PyDAP as a client#

PyDAP can be used to “lazily” inspect and retrieve remote data from any of the thousands of scientific datasets available on the internet on OPeNDAP data servers, allowing the user to manipulate a Dataset as if it were stored locally, only downloading on-the-fly when necessary. In order to transmit data from the Server to the Client, both server and client must agree on a way to represent data: is it an array of integers?, a multi-dimensional grid? In order to do this, a DAP protocol defines a data model that, in theory, should be able to represent any existing (scientific) dataset.

Pydap uses the requests library to fetch remote data from an OPeNDAP data server. Data from such a server is one of the following types:

Note

Clickling on any of the dap or dods example URLs will trigger a download of a OPeNDAP binary data. Pydap parses this binary data and turns is into a pydap Dataset.

Requests library#

As of version 3.5.4, pydap now uses Python’s requests library to get/fetch the remote datasets described on the Table above and can also use Python’s requests_cache library to cache responses. For the user, pydap has a special function to initialize any such session:

Session with No Cache

Cached Session

use_cache=False (default)

use_cache=True

from pydap.client import open_url
from pydap.net import create_session
data_url = "http://test.opendap.org/opendap/data/nc/coads_climatology.nc"

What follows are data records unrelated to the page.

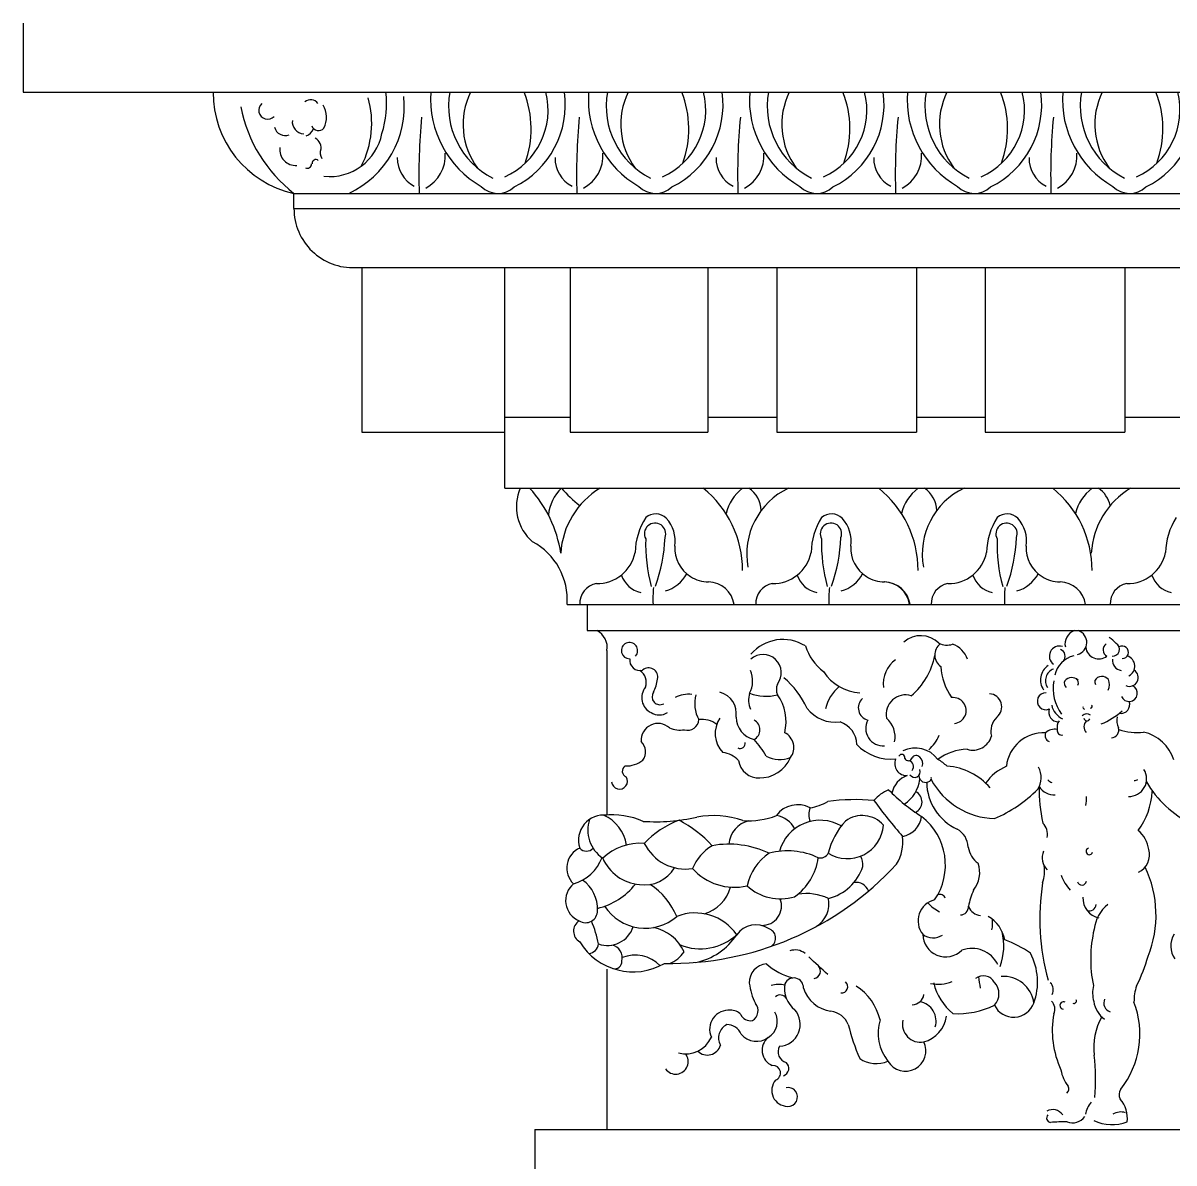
# Model space of a CAD drawing. Header units: inches. Extents: x -0.054 to 0.29, y 0 to 0.384.
# Drawn here: x -0.0073 to 0.1241, y 0.1635 to 0.2936 of the extents above; entities that cross this region are included whole.
import ezdxf

# ---------------------------------------------------------------- set-up
doc = ezdxf.new("R2010")
doc.units = ezdxf.units.IN
doc.header["$MEASUREMENT"] = 0
doc.layers.add('ceco.net 393 Ionic order', color=7, linetype='Continuous')

msp = doc.modelspace()

# ---------------------------------------------------------------- linework, layer by layer
at = {"layer": 'ceco.net 393 Ionic order'}
for p, q in [((-0.007250319758867, 0.2935575836367738), (-0.007250319758867, 0.2856743404127664)), ((-0.0072502998790714, 0.2856743839316607), (-0.0072503197588491, 0.2856743404127664)), ((-0.007250319758867, 0.2856743404127664), (0.2895175211569235, 0.2856743404127664)), ((-0.0072502998790714, 0.2856743839316607), (-0.0072502799992757, 0.2856743404127664)), ((-0.0072502799992757, 0.2856743839316607), (-0.0072502601194979, 0.2856743404127664)), ((-0.0072502402397022, 0.2856743839316607), (-0.0072502601194979, 0.2856743404127664)), ((0.0236729967589705, 0.2723832636224026), (0.0236729967589705, 0.2741140293172309)), ((0.0236729967589705, 0.2741140293172309), (0.2888719095719802, 0.2741140293172309)), ((0.0236729967589705, 0.2723832636224026), (0.2886312060449931, 0.2723832636224026)), ((0.0301407008637376, 0.2656451196749616), (0.2886990235651055, 0.2656451196749616)), ((0.0314374832197291, 0.2656451196749616), (0.0314374832197291, 0.2468834729892209)), ((0.047744401865997, 0.2404696034835825), (0.047744401865997, 0.2656451196749616)), ((0.0551933883356664, 0.2656451196749616), (0.0551933883356664, 0.2468834729892209)), ((0.07091902883286, 0.2656451196749616), (0.07091902883286, 0.2468834729892209)), ((0.0787818490814568, 0.2656451196749616), (0.0787818490814568, 0.2468834729892209)), ((0.094714404672188, 0.2656451196749616), (0.094714404672188, 0.2468834729892209)), ((0.1025772249207848, 0.2656451196749616), (0.1025772249207848, 0.2468834729892209)), ((0.118509780511516, 0.2656451196749616), (0.118509780511516, 0.2468834729892209)), ((0.047744401865997, 0.2485823538231959), (0.0551933883356664, 0.2485823538231959)), ((0.07091902883286, 0.2485823538231959), (0.0787818490814568, 0.2485823538231959)), ((0.094714404672188, 0.2485823538231959), (0.1025772249207848, 0.2485823538231959)), ((0.118509780511516, 0.2485823538231959), (0.1257518518876299, 0.2485823538231959)), ((0.0314375030995248, 0.2468835165081152), (0.031437483219747, 0.2468834729892209)), ((0.0314374832197291, 0.2468834729892209), (0.047744401865997, 0.2468834729892209)), ((0.0314375030995248, 0.2468835165081152), (0.0314375229793205, 0.2468834729892209)), ((0.0314375229793205, 0.2468835165081152), (0.0314375428590983, 0.2468834729892209)), ((0.031437562738894, 0.2468835165081152), (0.0314375428590983, 0.2468834729892209)), ((0.0551934082154621, 0.2468835165081152), (0.0551933883356843, 0.2468834729892209)), ((0.0551933883356664, 0.2468834729892209), (0.07091902883286, 0.2468834729892209)), ((0.0551934082154621, 0.2468835165081152), (0.0551934280952578, 0.2468834729892209)), ((0.0551934280952578, 0.2468835165081152), (0.0551934479750355, 0.2468834729892209)), ((0.0551934678548312, 0.2468835165081152), (0.0551934479750355, 0.2468834729892209)), ((0.0787818490814568, 0.2468834729892209), (0.094714404672188, 0.2468834729892209)), ((0.1025772448005805, 0.2468835165081152), (0.1025772249208027, 0.2468834729892209)), ((0.1025772249207848, 0.2468834729892209), (0.118509780511516, 0.2468834729892209)), ((0.1025772448005805, 0.2468835165081152), (0.1025772646803762, 0.2468834729892209)), ((0.1025772646803762, 0.2468835165081152), (0.102577284560154, 0.2468834729892209)), ((0.1025773044399497, 0.2468835165081152), (0.102577284560154, 0.2468834729892209)), ((0.0477444217457927, 0.2404696470024767), (0.0477444018660149, 0.2404696034835825)), ((0.047744401865997, 0.2404696034835825), (0.2890538793407394, 0.2404696034835825)), ((0.0477444217457927, 0.2404696470024767), (0.0477444416255884, 0.2404696034835825)), ((0.0477444615053662, 0.2404696470024767), (0.0477444416255884, 0.2404696034835825)), ((0.0477444416255884, 0.2404696470024767), (0.0477444615053662, 0.2404696034835825)), ((0.0477444813851619, 0.2404696470024767), (0.0477444615053662, 0.2404696034835825)), ((0.0548586827791809, 0.2272058353990874), (0.2892419839712264, 0.2272058353990874)), ((0.0571520686578557, 0.2272058353990874), (0.0571520686578557, 0.2242132847387738)), ((0.0571520686578557, 0.2242132847387738), (0.2892306229831427, 0.2242132847387738)), ((0.0594023093614195, 0.2219461297981659), (0.0594023093614195, 0.2031490763217989)), ((0.0594023093614195, 0.1855993677999009), (0.0594023093614195, 0.167301981381369)), ((0.0511683299780474, 0.167301981381369), (0.2895175211569235, 0.167301981381369)), ((0.0511683299780474, 0.167301981381369), (0.0511683299780474, 0.153814812592447))]:
    msp.add_line(p, q, dxfattribs=at)
for centre, radius, start, end in [((0.026199586495219, 0.2855936921639822), 0.0117544168196684, 179.6068847479551, 257.5875166664435), ((0.0253487109646692, 0.2840319301772105), 0.010921618699266, 294.7561720008412, 5.977111617129712), ((0.0228854255607217, 0.2844052521645227), 0.0113620369432546, 342.3724153630746, 6.413062196313191), ((0.050697837374605, 0.2848329431639506), 0.011419795938903, 175.7746849751695, 240.3180400677358), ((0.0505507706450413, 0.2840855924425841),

Use default non-cached Session#

# default
my_session = create_session()
%%time
pyds = open_url(data_url, protocol="dap4", session=my_session)
CPU times: user 17.2 ms, sys: 1.82 ms, total: 19.1 ms
Wall time: 269 ms

Lets try again#

%%time
pyds = open_url(data_url, protocol="dap4", session=my_session)
CPU times: user 4.24 ms, sys: 1.09 ms, total: 5.32 ms
Wall time: 155 ms

What is hapenning?#

In both cases, only the dmr associated with the remote dataset was fetched, and used to create the pydap dataset.

The apparent difference in timing can sometimes be attributes to what is called “cold reading” vs “warm reading”. But in both scenarios, each time the pyds is created, the remote dmr dataset is fetched and processed by pydap to create the lazy dataset that point to the original opendap source.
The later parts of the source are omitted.